# Roadway section gaps - fill (with what?) or ignore



## davefr (Oct 22, 2020)

Hi,
I'm building the Grand Valley Layout kit and chose to use foam poster board panels vs Smooth It for all the roads and parking lots. I'm pleased with the results so far. However where the road enters the town parking lot there's a gap/splice where the two sections meet. Would you ignore it or try and fill it? I don't want to risk any damage/screw ups to the panels since it would be a major PIA to have to replace them.

If I fill the gap what should I use to achieve the best results. I have a choice of Hydro Cal, Smooth It, Plaster, drywall mud, paintable silicone caulk, Sculpt a mold, etc. I've read about Woodlands Foam Putty but don't have any but could order some if it's a superior alternative.

What would you do?

TIA


----------



## Stumpy (Mar 19, 2013)

Nice looking scene.

I would never be able to hide the gap/filler unless I also skimmed the rest of the foam poster board with the same material. Or painted it all to match.

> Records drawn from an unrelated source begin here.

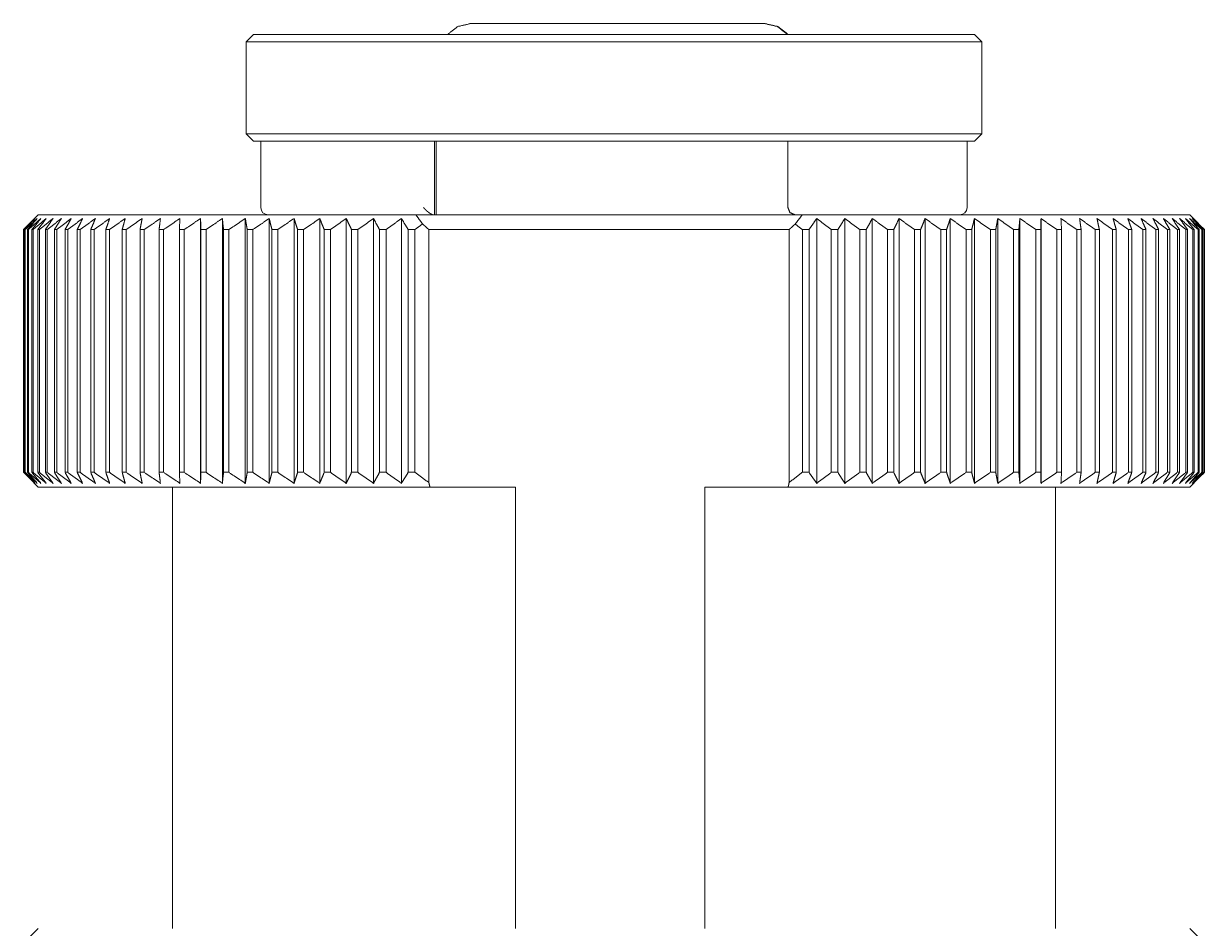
# Paper-space layout 'A3_1' of a CAD drawing. Header units: millimetres. Extents: x 0 to 420, y 0 to 297.
# Drawn here: x 185.03 to 201.08, y 167.07 to 179.37 of the extents above; entities that cross this region are included whole.
import ezdxf

# ---------------------------------------------------------------- set-up
doc = ezdxf.new("R2010")
doc.units = ezdxf.units.MM
doc.layers.add('170', color=7, linetype='Continuous', true_color=0xffffff)

psp = doc.layouts.new('A3_1')

# ---------------------------------------------------------------- linework, layer by layer
at = {"layer": '170', "color": 155, "linetype": 'Continuous', "lineweight": 13}
for p, q in [((195.1, 179.368), (191.1, 179.368)), ((195.1, 179.368), (191.1, 179.368)), ((195.107, 179.368), (195.1, 179.368)), ((188.151, 179.218), (188.051, 179.118)), ((188.051, 179.118), (188.051, 177.868)), ((198.051, 179.118), (197.951, 179.218)), ((198.051, 177.868), (198.051, 179.118)), ((188.051, 177.868), (188.151, 177.768)), ((197.951, 177.768), (198.051, 177.868)), ((188.251, 177.768), (188.251, 176.868)), ((190.613, 177.768), (190.613, 176.768)), ((190.633, 177.768), (190.633, 176.868)), ((195.415, 177.768), (195.415, 176.868)), ((197.851, 176.868), (197.851, 177.768)), ((185.226, 176.768), (185.107, 176.649)), ((187.432, 176.718), (187.432, 173.118)), ((187.729, 176.718), (187.729, 173.118)), ((188.04, 176.718), (188.04, 173.118)), ((188.364, 176.718), (188.364, 173.118)), ((188.702, 176.718), (188.702, 173.118)), ((189.052, 176.718), (189.052, 173.118)), ((189.412, 176.718), (189.412, 173.118)), ((189.783, 176.718), (189.783, 173.118)), ((190.162, 176.718), (190.162, 173.118)), ((195.806, 176.718), (195.806, 173.118)), ((196.188, 176.718), (196.188, 173.118)), ((196.562, 176.718), (196.562, 173.118)), ((196.926, 176.718), (196.926, 173.118)), ((197.28, 176.718), (197.28, 173.118)), ((197.622, 176.718), (197.622, 173.118)), ((197.951, 176.718), (197.951, 173.118)), ((198.267, 176.718), (198.267, 173.118)), ((198.569, 176.718), (198.569, 173.118)), ((198.855, 176.718), (198.855, 173.118)), ((200.995, 176.649), (200.876, 176.768)), ((185.107, 176.649), (185.027, 176.568)), ((185.027, 176.568), (185.027, 173.268)), ((185.028, 173.268), (185.028, 176.568)), ((185.042, 176.568), (185.042, 173.268)), ((185.049, 173.268), (185.049, 176.568)), ((185.079, 176.568), (185.079, 173.268)), ((185.091, 173.268), (185.091, 176.568)), ((185.139, 176.568), (185.139, 173.268)), ((185.155, 173.268), (185.155, 176.568)), ((185.219, 176.568), (185.219, 173.268)), ((185.241, 173.268), (185.241, 176.568)), ((185.322, 176.568), (185.322, 173.268)), ((185.348, 173.268), (185.348, 176.568)), ((185.445, 176.568), (185.445, 173.268)), ((185.477, 173.268), (185.477, 176.568)), ((185.59, 176.568), (185.59, 173.268)), ((185.626, 173.268), (185.626, 176.568)), ((185.755, 176.568), (185.755, 173.268)), ((185.795, 173.268), (185.795, 176.568)), ((185.939, 176.568), (185.939, 173.268)), ((185.984, 173.268), (185.984, 176.568)), ((186.144, 176.568), (186.144, 173.268)), ((186.193, 173.268), (186.193, 176.568)), ((186.367, 176.568), (186.367, 173.268)), ((186.421, 173.268), (186.421, 176.568)), ((186.609, 176.568), (186.609, 173.268)), ((186.666, 173.268), (186.666, 176.568)), ((186.868, 176.568), (186.868, 173.268)), ((186.93, 173.268), (186.93, 176.568)), ((187.144, 176.568), (187.144, 173.268)), ((187.21, 173.268), (187.21, 176.568)), ((187.436, 176.568), (187.436, 173.268)), ((187.506, 173.268), (187.506, 176.568)), ((187.744, 176.568), (187.744, 173.268)), ((187.817, 173.268), (187.817, 176.568)), ((188.066, 176.568), (188.066, 173.268)), ((188.142, 173.268), (188.142, 176.568)), ((188.402, 176.568), (188.402, 173.268)), ((188.481, 173.268), (188.481, 176.568)), ((188.751, 176.568), (188.751, 173.268)), ((188.833, 173.268), (188.833, 176.568)), ((189.112, 176.568), (189.112, 173.268)), ((189.196, 173.268), (189.196, 176.568)), ((189.483, 176.568), (189.483, 173.268)), ((189.569, 173.268), (189.569, 176.568)), ((189.864, 176.568), (189.864, 173.268)), ((189.953, 173.268), (189.953, 176.568)), ((190.254, 176.568), (190.254, 173.268)), ((190.344, 173.268), (190.344, 176.568)), ((190.535, 176.568), (190.535, 173.128)), ((195.431, 173.129), (195.431, 176.568)), ((195.611, 176.568), (195.611, 173.268)), ((195.702, 173.268), (195.702, 176.568)), ((196.005, 176.568), (196.005, 173.268)), ((196.095, 173.268), (196.095, 176.568)), ((196.392, 176.568), (196.392, 173.268)), ((196.479, 173.268), (196.479, 176.568)), ((196.769, 176.568), (196.769, 173.268)), ((196.854, 173.268), (196.854, 176.568)), ((197.136, 176.568), (197.136, 173.268)), ((197.219, 173.268), (197.219, 176.568)), ((197.492, 176.568), (197.492, 173.268)), ((197.572, 173.268), (197.572, 176.568)), ((197.836, 176.568), (197.836, 173.268)), ((197.913, 173.268), (197.913, 176.568)), ((198.167, 176.568), (198.167, 173.268)), ((198.24, 173.268), (198.24, 176.568)), ((198.483, 176.568), (198.483, 173.268)), ((198.554, 173.268), (198.554, 176.568)), ((198.785, 176.568), (198.785, 173.268)), ((198.852, 173.268), (198.852, 176.568)), ((199.071, 176.568), (199.071, 173.268)), ((199.134, 173.268), (199.134, 176.568)), ((199.34, 176.568), (199.34, 173.268)), ((199.4, 173.268), (199.4, 176.568)), ((199.593, 176.568), (199.593, 173.268)), ((199.648, 173.268), (199.648, 176.568)), ((199.827, 176.568), (199.827, 173.268)), ((199.878, 173.268), (199.878, 176.568)), ((200.043, 176.568), (200.043, 173.268)), ((200.089, 173.268), (200.089, 176.568)), ((200.239, 176.568), (200.239, 173.268)), ((200.282, 173.268), (200.282, 176.568)), ((200.416, 176.568), (200.416, 173.268)), ((200.454, 173.268), (200.454, 176.568)), ((200.573, 176.568), (200.573, 173.268)), ((200.606, 173.268), (200.606, 176.568)), ((200.709, 176.568), (200.709, 173.268)), ((200.737, 173.268), (200.737, 176.568)), ((200.824, 176.568), (200.824, 173.268)), ((200.847, 173.268), (200.847, 176.568)), ((200.918, 176.568), (200.918, 173.268)), ((200.936, 173.268), (200.936, 176.568)), ((200.99, 176.568), (200.99, 173.268)), ((201.004, 173.268), (201.004, 176.568)), ((201.041, 176.568), (201.041, 173.268)), ((201.049, 173.268), (201.049, 176.568)), ((201.069, 176.568), (201.069, 173.268)), ((201.073, 173.268), (201.073, 176.568)), ((201.076, 176.568), (201.076, 173.268)), ((185.027, 173.268), (185.107, 173.187)), ((185.107, 173.187), (185.226, 173.068)), ((200.876, 173.068), (200.995, 173.187)), ((187.051, 173.068), (187.051, 167.068)), ((191.711, 167.068), (191.711, 173.068)), ((194.285, 173.068), (194.285, 167.068)), ((199.051, 167.068), (199.051, 173.068)), ((185.226, 167.068), (185.107, 166.949)), ((200.995, 166.949), (200.876, 167.068))]:
    psp.add_line(p, q, dxfattribs=at)
for centre, start, end in [((188.351, 176.868), 180, 270), ((197.751, 176.868), 270, 0)]:
    psp.add_arc(centre, 0.1, start, end, dxfattribs=at)
for points, knots in [([(191.1, 179.368), (190.927, 179.328), (190.787, 179.218)], [0, 0, 0.500013, 1, 1]), ([(191.1, 179.368), (191.096, 179.368), (191.093, 179.368)], [0, 0, 0.498433, 1, 1]), ([(195.412, 179.218), (195.273, 179.328), (195.1, 179.368)], [0, 0, 0.499987, 1, 1]), ([(195.107, 179.368), (195.103, 179.368), (195.1, 179.368)], [0, 0, 0.50003, 1, 1]), ([(195.107, 179.368), (195.28, 179.328), (195.42, 179.218)], [0, 0, 0.500013, 1, 1]), ([(188.051, 179.118), (188.16, 179.118), (189.001, 179.118), (190.538, 179.118), (192.507, 179.118), (194.57, 179.118), (196.372, 179.118), (197.603, 179.118), (198.051, 179.118)], [0, 0, 0.010865, 0.094961, 0.248691, 0.44563, 0.651919, 0.832091, 0.955171, 1, 1]), ([(188.151, 179.218), (188.572, 179.218), (189.764, 179.218), (191.52, 179.218), (193.54, 179.218), (195.475, 179.218), (196.994, 179.218), (197.835, 179.218), (197.951, 179.218)], [0, 0, 0.042981, 0.164537, 0.343767, 0.549857, 0.747379, 0.902372, 0.988192, 1, 1]), ([(198.051, 177.868), (197.603, 177.868), (197.075, 177.868), (195.525, 177.868), (193.55, 177.868), (191.489, 177.868), (190.538, 177.868), (189.001, 177.868), (188.481, 177.868), (188.051, 177.868)], [0, 0, 0.044829, 0.097627, 0.252621, 0.450143, 0.656233, 0.751309, 0.905039, 0.957017, 1, 1]), ([(197.951, 177.768), (197.835, 177.768), (196.994, 177.768), (195.475, 177.768), (193.54, 177.768), (191.52, 177.768), (189.764, 177.768), (189.082, 177.768), (188.258, 177.768), (188.151, 177.768)], [0, 0, 0.011808, 0.097628, 0.252621, 0.450143, 0.656233, 0.835463, 0.90504, 0.989137, 1, 1]), ([(190.461, 176.868), (190.462, 176.867), (190.462, 176.867), (190.483, 176.844), (190.506, 176.822), (190.524, 176.807), (190.542, 176.794), (190.555, 176.785), (190.569, 176.778), (190.579, 176.773), (190.588, 176.77), (190.594, 176.768), (190.6, 176.768)], [0, 0, 0.005397, 0.010781, 0.187085, 0.370108, 0.500752, 0.630182, 0.723091, 0.811021, 0.875527, 0.933168, 0.96878, 1, 1]), ([(190.631, 176.768), (190.632, 176.771), (190.632, 176.78), (190.632, 176.79), (190.632, 176.802), (190.632, 176.813), (190.633, 176.826), (190.633, 176.837), (190.633, 176.849), (190.633, 176.858), (190.633, 176.868)], [0, 0, 0.030555, 0.123188, 0.218057, 0.343704, 0.453436, 0.580936, 0.690042, 0.80824, 0.903087, 1, 1]), ([(195.415, 176.868), (195.444, 176.797), (195.515, 176.768)], [0, 0, 0.499974, 1, 1]), ([(185.028, 176.568), (185.106, 176.643), (185.184, 176.718)], [0, 0, 0.500482, 1, 1]), ([(185.184, 176.718), (185.113, 176.643), (185.042, 176.568)], [0, 0, 0.499501, 1, 1]), ([(185.049, 176.568), (185.13, 176.643), (185.212, 176.718)], [0, 0, 0.500433, 1, 1]), ([(185.212, 176.718), (185.146, 176.643), (185.079, 176.568)], [0, 0, 0.49941, 1, 1]), ([(185.091, 176.568), (185.176, 176.643), (185.262, 176.718)], [0, 0, 0.500355, 1, 1]), ([(185.262, 176.718), (185.2, 176.643), (185.139, 176.568)], [0, 0, 0.499313, 1, 1]), ([(185.155, 176.568), (185.244, 176.643), (185.334, 176.718)], [0, 0, 0.500318, 1, 1]), ([(185.334, 176.718), (185.276, 176.643), (185.219, 176.568)], [0, 0, 0.499175, 1, 1]), ([(185.226, 176.768), (185.345, 176.768), (186.271, 176.768), (188.012, 176.768), (190.359, 176.768)], [0, 0, 0.023083, 0.203549, 0.542776, 1, 1]), ([(185.241, 176.568), (185.333, 176.643), (185.426, 176.718)], [0, 0, 0.500219, 1, 1]), ([(185.426, 176.718), (185.374, 176.643), (185.322, 176.568)], [0, 0, 0.499098, 1, 1]), ([(185.348, 176.568), (185.444, 176.643), (185.54, 176.718)], [0, 0, 0.500225, 1, 1]), ([(185.54, 176.718), (185.492, 176.643), (185.445, 176.568)], [0, 0, 0.499045, 1, 1]), ([(185.477, 176.568), (185.575, 176.643), (185.674, 176.718)], [0, 0, 0.500135, 1, 1]), ([(185.674, 176.718), (185.632, 176.643), (185.59, 176.568)], [0, 0, 0.498865, 1, 1]), ([(185.626, 176.568), (185.727, 176.643), (185.828, 176.718)], [0, 0, 0.500148, 1, 1]), ([(185.828, 176.718), (185.791, 176.643), (185.755, 176.568)], [0, 0, 0.498747, 1, 1]), ([(185.795, 176.568), (185.898, 176.643), (186.002, 176.718)], [0, 0, 0.500099, 1, 1]), ([(186.002, 176.718), (185.971, 176.643), (185.939, 176.568)], [0, 0, 0.498681, 1, 1]), ([(185.984, 176.568), (186.09, 176.643), (186.196, 176.718)], [0, 0, 0.500052, 1, 1]), ([(186.196, 176.718), (186.17, 176.643), (186.144, 176.568)], [0, 0, 0.498525, 1, 1]), ([(186.193, 176.568), (186.3, 176.643), (186.408, 176.718)], [0, 0, 0.500074, 1, 1]), ([(186.408, 176.718), (186.387, 176.643), (186.367, 176.568)], [0, 0, 0.498431, 1, 1]), ([(186.421, 176.568), (186.529, 176.643), (186.638, 176.718)], [0, 0, 0.500065, 1, 1]), ([(186.638, 176.718), (186.623, 176.643), (186.609, 176.568)], [0, 0, 0.498368, 1, 1]), ([(186.666, 176.568), (186.776, 176.643), (186.886, 176.718)], [0, 0, 0.499993, 1, 1]), ([(186.886, 176.718), (186.877, 176.643), (186.868, 176.568)], [0, 0, 0.49832, 1, 1]), ([(186.93, 176.568), (187.04, 176.643), (187.151, 176.718)], [0, 0, 0.500053, 1, 1]), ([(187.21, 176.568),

I think I'd see what I could come up with to make it a drainage channel with a metal grate.


----------



## CTValleyRR (Jul 26, 2014)

A drainage channel is one option. WS foam putty, or even everyday spackle or drywall mud would work, too. It won't be a perfect fill, but you'll have to look hard to find it (once painted).

Another technique -- paint your asphalt a much lighter gray (yours is the color of newly laid pavement), and use a Sharpie to draw black lines, simulating the mastic sealant. You can also selectively paint areas a darker black, simulating patches. These techniques not only look more realistic, but break up the uniformity of the paved area, making blemishes harder to detect.


----------



## kilowatt62 (Aug 18, 2019)

Maybe add, and mix well, some black acrylic paint to whatever filling medium you end up using to fill the gaps. Mix up some small samples with various amounts of paint and set aside to let dry. See which one matches the best. From there, go with what has already been suggested. (Just my 2 cent thought)


----------



## Lehigh74 (Sep 25, 2015)

I use the black foam board for some of my roads. When I have a situation like yours, I cut some tar paper and put it under the foam board. The black of the tar paper shows up a lot less than the plywood platform. Could also use black construction paper or black paint.


----------